1. How long does the IRS take to process SDOP?

Processing time varies, but most submissions take 6-12 months. The IRS may request clarification, but if your package is complete and your non-willfulness statement is consistent, your case is usually accepted without further issue.

2. What if I already filed late FBARs?

If you filed FBARs late but didn’t amend your tax returns, SDOP may still be required to correct unreported income.

3. Can SDOP be used for cryptocurrency holdings?

Yes. Virtual currency accounts with foreign exchanges can fall under FBAR and FATCA reporting rules. If you didn’t disclose crypto assets abroad, SDOP can be used to amend returns and file FBARs just as with traditional foreign accounts.

4. Do I need to include foreign pensions or retirement accounts?

Yes. Foreign pensions, retirement savings, and other accounts must be disclosed. SDOP requires complete reporting, even if you believe the account is too small to matter.

5. Will using SDOP increase my audit risk in the future?

No. Once your SDOP package is accepted, the IRS considers the matter resolved.
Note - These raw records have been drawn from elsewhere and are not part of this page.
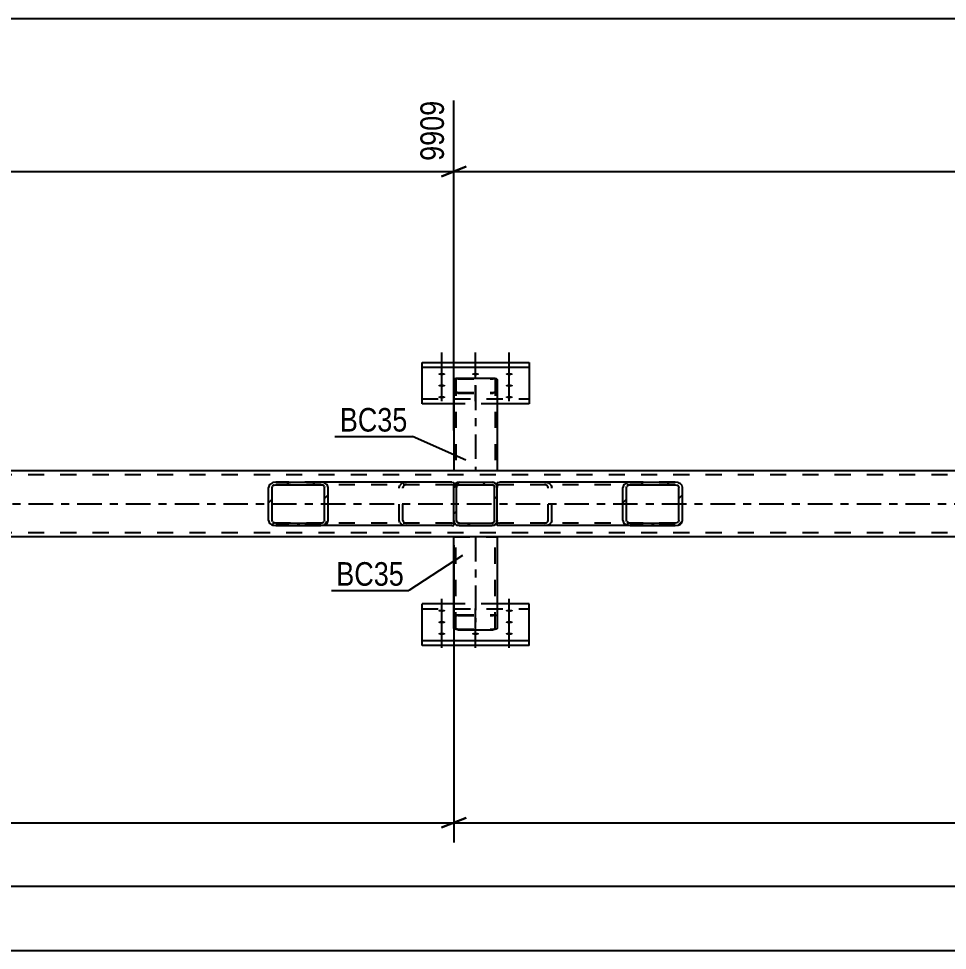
# Model space of a CAD drawing. Header units: millimetres. Extents: x -156 to 1033, y -616 to 225.
# Drawn here: x 248.1 to 360.9, y -327.3 to -214.1 of the extents above; entities that cross this region are included whole.
import ezdxf

# ---------------------------------------------------------------- set-up
doc = ezdxf.new("R2010")
doc.units = ezdxf.units.MM
doc.linetypes.add('DXK_LINE_DOT2', pattern=[3.9198, 1.9599, -1.9599])
doc.linetypes.add('DXK_LINE_DOT3', pattern=[5.9187, 2.979, -0.9799, 0.9799, -0.9799])
doc.styles.add('Arial Narrow', font='ARIALN.TTF', dxfattribs={"height": 0.2})

# ---------------------------------------------------------------- blocks, each defined once
blk = doc.blocks.new('Part-404205526-5408 - 5400')
at = {"color": 2, "linetype": 'Continuous'}
for p, q in [((861.78, -269.1), (-64.42, -269.1)), ((861.78, -277.1), (-64.42, -277.1))]:
    blk.add_line(p, q, dxfattribs=at)
at = {"color": 7, "linetype": 'DXK_LINE_DOT2'}
for p, q in [((866.58, -269.58), (-64.42, -269.58)), ((866.58, -276.62), (-64.42, -276.62))]:
    blk.add_line(p, q, dxfattribs=at)
at = {"color": 7, "linetype": 'DXK_LINE_DOT3'}
blk.add_line((-64.42, -273.1), (866.58, -273.1), dxfattribs=at)
blk = doc.blocks.new('Part-404205526-5573 - 5400')
at = {"linetype": 'Continuous'}
h = blk.add_hatch(dxfattribs=at)
h.set_pattern_fill('', scale=0.7, style=0, pattern_type=0)
h.set_pattern_definition([(45, (285.1323, -275.6937), (-1.57154, 1.57154), [])])
h.paths.add_polyline_path([(284.8, -275.74), (285.13, -275.69), (285.42, -275.55), (285.61, -275.35), (285.67, -275.1), (285.67, -271.1), (285.61, -270.86), (285.42, -270.65), (285.13, -270.51), (284.8, -270.46), (279.31, -270.46), (278.97, -270.51), (278.68, -270.65), (278.49, -270.86), (278.43, -271.1), (278.43, -275.1), (278.49, -275.35), (278.68, -275.55), (278.97, -275.69), (279.31, -275.74)])
h.paths.add_polyline_path([(279.14, -275.4), (278.99, -275.33), (278.9, -275.22), (278.87, -275.1), (278.87, -271.1), (278.9, -270.98), (278.99, -270.88), (279.14, -270.81), (279.31, -270.78), (284.8, -270.78), (284.96, -270.81), (285.11, -270.88), (285.2, -270.98), (285.24, -271.1), (285.24, -275.1), (285.2, -275.22), (285.11, -275.33), (284.96, -275.4), (284.8, -275.42), (279.31, -275.42)])
at = {"color": 2, "linetype": 'Continuous'}
for p, q in [((279.31, -270.46), (278.97, -270.51)), ((279.31, -270.46), (284.8, -270.46)), ((300.68, -270.46), (284.8, -270.46)), ((285.13, -270.51), (284.8, -270.46)), ((300.68, -270.46), (300.94, -270.5)), ((300.94, -270.5), (300.94, -270.51)), ((300.94, -270.51), (300.94, -270.65)), ((278.49, -270.86), (278.43, -271.1)), ((278.43, -275.1), (278.43, -271.1)), ((278.87, -271.1), (278.9, -270.98)), ((278.87, -275.1), (278.87, -271.1)), ((279.14, -270.81), (279.31, -270.78)), ((279.31, -270.78), (284.8, -270.78)), ((284.8, -270.78), (284.96, -270.81)), ((285.2, -270.98), (285.24, -271.1)), ((285.24, -275.1), (285.24, -271.1)), ((285.67, -271.1), (285.61, -270.86)), ((285.67, -275.1), (285.67, -271.1)), ((300.94, -270.65), (300.94, -271.1)), ((278.43, -275.1), (278.49, -275.35)), ((278.9, -275.22), (278.87, -275.1)), ((278.97, -275.69), (279.31, -275.74)), ((279.31, -275.42), (279.14, -275.4)), ((279.31, -275.42), (284.8, -275.42)), ((279.31, -275.74), (284.8, -275.74)), ((284.96, -275.4), (284.8, -275.42)), ((284.8, -275.74), (285.13, -275.69)), ((300.68, -275.74), (284.8, -275.74)), ((285.24, -275.1), (285.2, -275.22)), ((285.61, -275.35), (285.67, -275.1)), ((300.68, -275.74), (300.94, -275.71)), ((300.94, -275.71), (300.94, -275.1))]:
    blk.add_line(p, q, dxfattribs=at)
at = {"color": 7, "linetype": 'DXK_LINE_DOT2'}
for p, q in [((284.8, -270.46), (279.31, -270.46)), ((294.85, -270.51), (295.19, -270.46)), ((300.68, -270.78), (279.31, -270.78)), ((294.31, -271.1), (294.38, -270.86)), ((294.31, -275.1), (294.31, -271.1)), ((294.78, -270.98), (294.75, -271.1)), ((294.75, -275.1), (294.75, -271.1)), ((295.19, -270.78), (295.02, -270.81)), ((300.85, -270.81), (300.68, -270.78)), ((300.94, -270.85), (300.85, -270.81)), ((300.94, -270.65), (300.94, -270.85)), ((300.94, -275.1), (300.94, -270.86)), ((300.68, -275.42), (279.31, -275.42)), ((284.8, -275.74), (279.31, -275.74)), ((294.38, -275.35), (294.31, -275.1)), ((294.75, -275.1), (294.78, -275.22)), ((295.19, -275.74), (294.85, -275.69)), ((295.02, -275.4), (295.19, -275.42)), ((300.68, -275.42), (300.85, -275.4)), ((300.85, -275.4), (300.94, -275.35))]:
    blk.add_line(p, q, dxfattribs=at)
at = {"color": 2, "linetype": 'Continuous'}
for centre, radius, start, end in [((279.17, -271.29), 0.802, 104.5547, 147.5896), ((284.93, -271.29), 0.802, 32.4104, 75.4453), ((279.24, -271.19), 0.401, 104.5547, 147.5896), ((284.86, -271.19), 0.401, 32.4104, 75.4453), ((279.17, -274.92), 0.802, 212.4104, 255.4453), ((279.24, -275.01), 0.401, 212.4104, 255.4453), ((284.86, -275.01), 0.401, 284.5547, 327.5896), ((284.93, -274.92), 0.802, 284.5547, 327.5896)]:
    blk.add_arc(centre, radius, start, end, dxfattribs=at)
at = {"color": 7, "linetype": 'DXK_LINE_DOT2'}
for centre, radius, start, end in [((295.06, -271.29), 0.802, 104.5547, 147.5896), ((295.12, -271.19), 0.401, 104.5547, 147.5896), ((295.06, -274.92), 0.802, 212.4104, 255.4453), ((295.12, -275.01), 0.401, 212.4104, 255.4453)]:
    blk.add_arc(centre, radius, start, end, dxfattribs=at)
blk = doc.blocks.new('Part-404205526-5527 - 5400')
at = {"color": 2, "linetype": 'Continuous'}
for p, q in [((300.94, -285.25), (297.08, -285.25)), ((297.08, -290.3), (297.08, -285.25)), ((310.08, -285.25), (306.22, -285.25)), ((310.08, -290.3), (310.08, -285.25)), ((297.08, -289.7), (310.08, -289.7)), ((310.08, -290.3), (297.08, -290.3))]:
    blk.add_line(p, q, dxfattribs=at)
at = {"color": 7, "linetype": 'DXK_LINE_DOT2'}
for p, q in [((306.22, -285.25), (300.94, -285.25)), ((297.08, -285.85), (310.08, -285.85))]:
    blk.add_line(p, q, dxfattribs=at)
blk = doc.blocks.new('Part-404205526-5584 - 5400')
at = {"color": 2, "linetype": 'Continuous'}
for p, q in [((300.94, -288.21), (300.94, -277.1)), ((306.22, -277.1), (306.22, -288.21)), ((300.97, -288.28), (300.94, -288.21)), ((301.08, -288.33), (300.97, -288.28)), ((301.23, -288.37), (301.08, -288.33)), ((301.42, -288.38), (301.23, -288.37)), ((301.42, -288.38), (305.74, -288.38)), ((305.92, -288.37), (305.74, -288.38)), ((306.08, -288.33), (305.92, -288.37)), ((306.18, -288.28), (306.08, -288.33)), ((306.22, -288.21), (306.18, -288.28))]:
    blk.add_line(p, q, dxfattribs=at)
at = {"color": 7, "linetype": 'DXK_LINE_DOT2'}
for p, q in [((300.94, -277.1), (306.22, -277.1)), ((301.18, -288.21), (301.18, -277.1)), ((305.98, -288.21), (305.98, -277.1)), ((300.94, -286.74), (300.97, -286.67)), ((300.97, -286.67), (301.08, -286.62)), ((301.08, -286.62), (301.23, -286.59)), ((301.2, -286.71), (301.18, -286.74)), ((301.25, -286.68), (301.2, -286.71)), ((301.23, -286.59), (301.42, -286.57)), ((301.33, -286.66), (301.25, -286.68)), ((301.42, -286.65), (301.33, -286.66)), ((301.42, -286.57), (305.74, -286.57)), ((301.42, -286.65), (305.74, -286.65)), ((305.74, -286.57), (305.92, -286.59)), ((305.83, -286.66), (305.74, -286.65)), ((305.91, -286.68), (305.83, -286.66)), ((305.91, -286.68), (305.92, -286.69)), ((305.92, -286.59), (306.08, -286.62)), ((305.92, -286.69), (305.96, -286.71)), ((305.98, -286.74), (305.96, -286.71)), ((306.08, -286.62), (306.18, -286.67)), ((306.18, -286.67), (306.22, -286.74)), ((301.18, -288.21), (301.2, -288.25)), ((301.2, -288.25), (301.25, -288.27)), ((301.25, -288.27), (301.33, -288.29)), ((301.33, -288.29), (301.42, -288.3)), ((301.42, -288.3), (305.74, -288.3)), ((305.74, -288.3), (305.83, -288.29)), ((305.83, -288.29), (305.91, -288.27)), ((305.91, -288.27), (305.96, -288.25)), ((305.96, -288.25), (305.98, -288.21))]:
    blk.add_line(p, q, dxfattribs=at)
at = {"color": 7, "linetype": 'DXK_LINE_DOT3'}
blk.add_line((303.58, -277.1), (303.58, -287.48), dxfattribs=at)
blk = doc.blocks.new('Part-404205526-5520 - 5400')
at = {"color": 2, "linetype": 'Continuous'}
for p, q in [((297.08, -260.95), (297.08, -255.9)), ((297.08, -255.9), (310.08, -255.9)), ((310.08, -256.51), (297.08, -256.51)), ((310.08, -255.9), (310.08, -260.95)), ((300.94, -260.95), (297.08, -260.95)), ((310.08, -260.95), (306.22, -260.95))]:
    blk.add_line(p, q, dxfattribs=at)
at = {"color": 7, "linetype": 'DXK_LINE_DOT2'}
for p, q in [((297.08, -260.35), (310.08, -260.35)), ((300.97, -260.95), (300.94, -260.95)), ((306.22, -260.95), (300.97, -260.95))]:
    blk.add_line(p, q, dxfattribs=at)
blk = doc.blocks.new('Part-404205526-5549 - 5400')
at = {"color": 2, "linetype": 'Continuous'}
for p, q in [((300.94, -257.99), (300.97, -257.93)), ((300.94, -257.99), (300.94, -269.1)), ((300.97, -257.93), (301.08, -257.87)), ((301.08, -257.87), (301.23, -257.84)), ((301.23, -257.84), (301.42, -257.83)), ((301.42, -257.83), (305.74, -257.83)), ((305.74, -257.83), (305.92, -257.84)), ((305.92, -257.84), (306.08, -257.87)), ((306.08, -257.87), (306.18, -257.93)), ((306.18, -257.93), (306.22, -257.99)), ((306.22, -257.99), (306.22, -269.1))]:
    blk.add_line(p, q, dxfattribs=at)
at = {"color": 7, "linetype": 'DXK_LINE_DOT2'}
for p, q in [((301.2, -257.96), (301.18, -257.99)), ((301.18, -257.99), (301.18, -269.1)), ((301.25, -257.93), (301.2, -257.96)), ((301.33, -257.91), (301.25, -257.93)), ((301.42, -257.91), (301.33, -257.91)), ((301.42, -257.91), (305.74, -257.91)), ((305.83, -257.91), (305.74, -257.91)), ((305.91, -257.93), (305.83, -257.91)), ((305.96, -257.96), (305.91, -257.93)), ((305.98, -257.99), (305.96, -257.96)), ((305.98, -257.99), (305.98, -269.1)), ((300.97, -259.53), (300.94, -259.47)), ((301.08, -259.58), (300.97, -259.53)), ((301.23, -259.62), (301.08, -259.58)), ((301.18, -259.47), (301.2, -259.5)), ((301.2, -259.5), (301.25, -259.53)), ((301.42, -259.63), (301.23, -259.62)), ((301.25, -259.53), (301.33, -259.54)), ((301.33, -259.54), (301.42, -259.55)), ((301.42, -259.55), (305.74, -259.55)), ((301.42, -259.63), (305.74, -259.63)), ((305.74, -259.55), (305.83, -259.54)), ((305.92, -259.62), (305.74, -259.63)), ((305.83, -259.54), (305.91, -259.53)), ((305.91, -259.53), (305.92, -259.52)), ((305.92, -259.52), (305.96, -259.5)), ((306.08, -259.58), (305.92, -259.62)), ((305.96, -259.5), (305.98, -259.47)), ((306.18, -259.53), (306.08, -259.58)), ((306.22, -259.47), (306.18, -259.53)), ((306.22, -269.1), (300.94, -269.1))]:
    blk.add_line(p, q, dxfattribs=at)
at = {"color": 7, "linetype": 'DXK_LINE_DOT3'}
blk.add_line((303.58, -258.73), (303.58, -269.1), dxfattribs=at)
blk = doc.blocks.new('Part-404205526-5589 - 5400')
at = {"linetype": 'Continuous'}
h = blk.add_hatch(dxfattribs=at)
h.set_pattern_fill('', scale=0.7, style=0, pattern_type=0)
h.set_pattern_definition([(45, (305.824, -275.6937), (-1.57154, 1.57154), [])])
h.paths.add_polyline_path([(305.58, -275.74), (305.82, -275.69), (306.03, -275.55), (306.17, -275.35), (306.22, -275.1), (306.22, -271.1), (306.17, -270.86), (306.03, -270.65), (305.82, -270.51), (305.58, -270.46), (301.58, -270.46), (301.33, -270.51), (301.13, -270.65), (300.99, -270.86), (300.94, -271.1), (300.94, -275.1), (300.99, -275.35), (301.13, -275.55), (301.33, -275.69), (301.58, -275.74)])
h.paths.add_polyline_path([(301.46, -275.4), (301.35, -275.33), (301.28, -275.22), (301.26, -275.1), (301.26, -271.1), (301.28, -270.98), (301.35, -270.88), (301.46, -270.81), (301.58, -270.78), (305.58, -270.78), (305.7, -270.81), (305.81, -270.88), (305.87, -270.98), (305.9, -271.1), (305.9, -275.1), (305.87, -275.22), (305.81, -275.33), (305.7, -275.4), (305.58, -275.42), (301.58, -275.42)])
at = {"color": 7, "linetype": 'DXK_LINE_DOT2'}
for p, q in [((301.33, -270.51), (301.58, -270.46)), ((301.58, -270.46), (305.58, -270.46)), ((305.58, -270.46), (305.82, -270.51)), ((300.94, -271.1), (300.99, -270.86)), ((300.94, -275.1), (300.94, -271.1)), ((301.28, -270.98), (301.26, -271.1)), ((301.26, -275.1), (301.26, -271.1)), ((301.58, -270.78), (301.46, -270.81)), ((301.58, -270.78), (305.58, -270.78)), ((305.7, -270.81), (305.58, -270.78)), ((305.9, -271.1), (305.87, -270.98)), ((305.9, -275.1), (305.9, -271.1)), ((306.17, -270.86), (306.22, -271.1)), ((306.22, -275.1), (306.22, -271.1)), ((300.99, -275.35), (300.94, -275.1)), ((301.26, -275.1), (301.28, -275.22)), ((301.58, -275.74), (301.33, -275.69)), ((301.46, -275.4), (301.58, -275.42)), ((301.58, -275.42), (305.58, -275.42)), ((301.58, -275.74), (305.58, -275.74)), ((305.58, -275.42), (305.7, -275.4)), ((305.82, -275.69), (305.58, -275.74)), ((305.87, -275.22), (305.9, -275.1)), ((306.22, -275.1), (306.17, -275.35))]:
    blk.add_line(p, q, dxfattribs=at)
at = {"color": 2, "linetype": 'Continuous'}
for p, q in [((301.58, -270.46), (301.33, -270.51)), ((301.58, -270.46), (305.58, -270.46)), ((305.82, -270.51), (305.58, -270.46)), ((300.99, -270.86), (300.94, -271.1)), ((300.94, -275.1), (300.94, -271.1)), ((301.26, -271.1), (301.28, -270.98)), ((301.26, -275.1), (301.26, -271.1)), ((301.46, -270.81), (301.58, -270.78)), ((301.58, -270.78), (305.58, -270.78)), ((305.58, -270.78), (305.7, -270.81)), ((305.87, -270.98), (305.9, -271.1)), ((305.9, -275.1), (305.9, -271.1)), ((306.22, -271.1), (306.17, -270.86)), ((306.22, -275.1), (306.22, -271.1)), ((300.94, -275.1), (300.99, -275.35)), ((301.28, -275.22), (301.26, -275.1)), ((301.33, -275.69), (301.58, -275.74)), ((301.58, -275.42), (301.46, -275.4)), ((301.58, -275.42), (305.58, -275.42)), ((301.58, -275.74), (305.58, -275.74)), ((305.7, -275.4), (305.58, -275.42)), ((305.58, -275.74), (305.82, -275.69)), ((305.9, -275.1), (305.87, -275.22)), ((306.17, -275.35), (306.22, -275.1))]:
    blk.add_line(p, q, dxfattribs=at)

As long as you stay compliant going forward, your prior noncompliance won’t create ongoing audit risk.

6. Can I use SDOP if my foreign accounts are already closed?

Yes. Even if the accounts are no longer open, you must disclose them if they were active during the relevant years.

7. Does SDOP apply to dual citizens and green card holders?

Yes. SDOP is available to anyone considered a US tax resident, including dual citizens and green card holders. If you live in the US and your failure to report foreign accounts or income was non-willful, you can generally use SDOP to correct past noncompliance.

This article is for informational purposes only and should not be considered as professional tax advice – always consult a tax professional.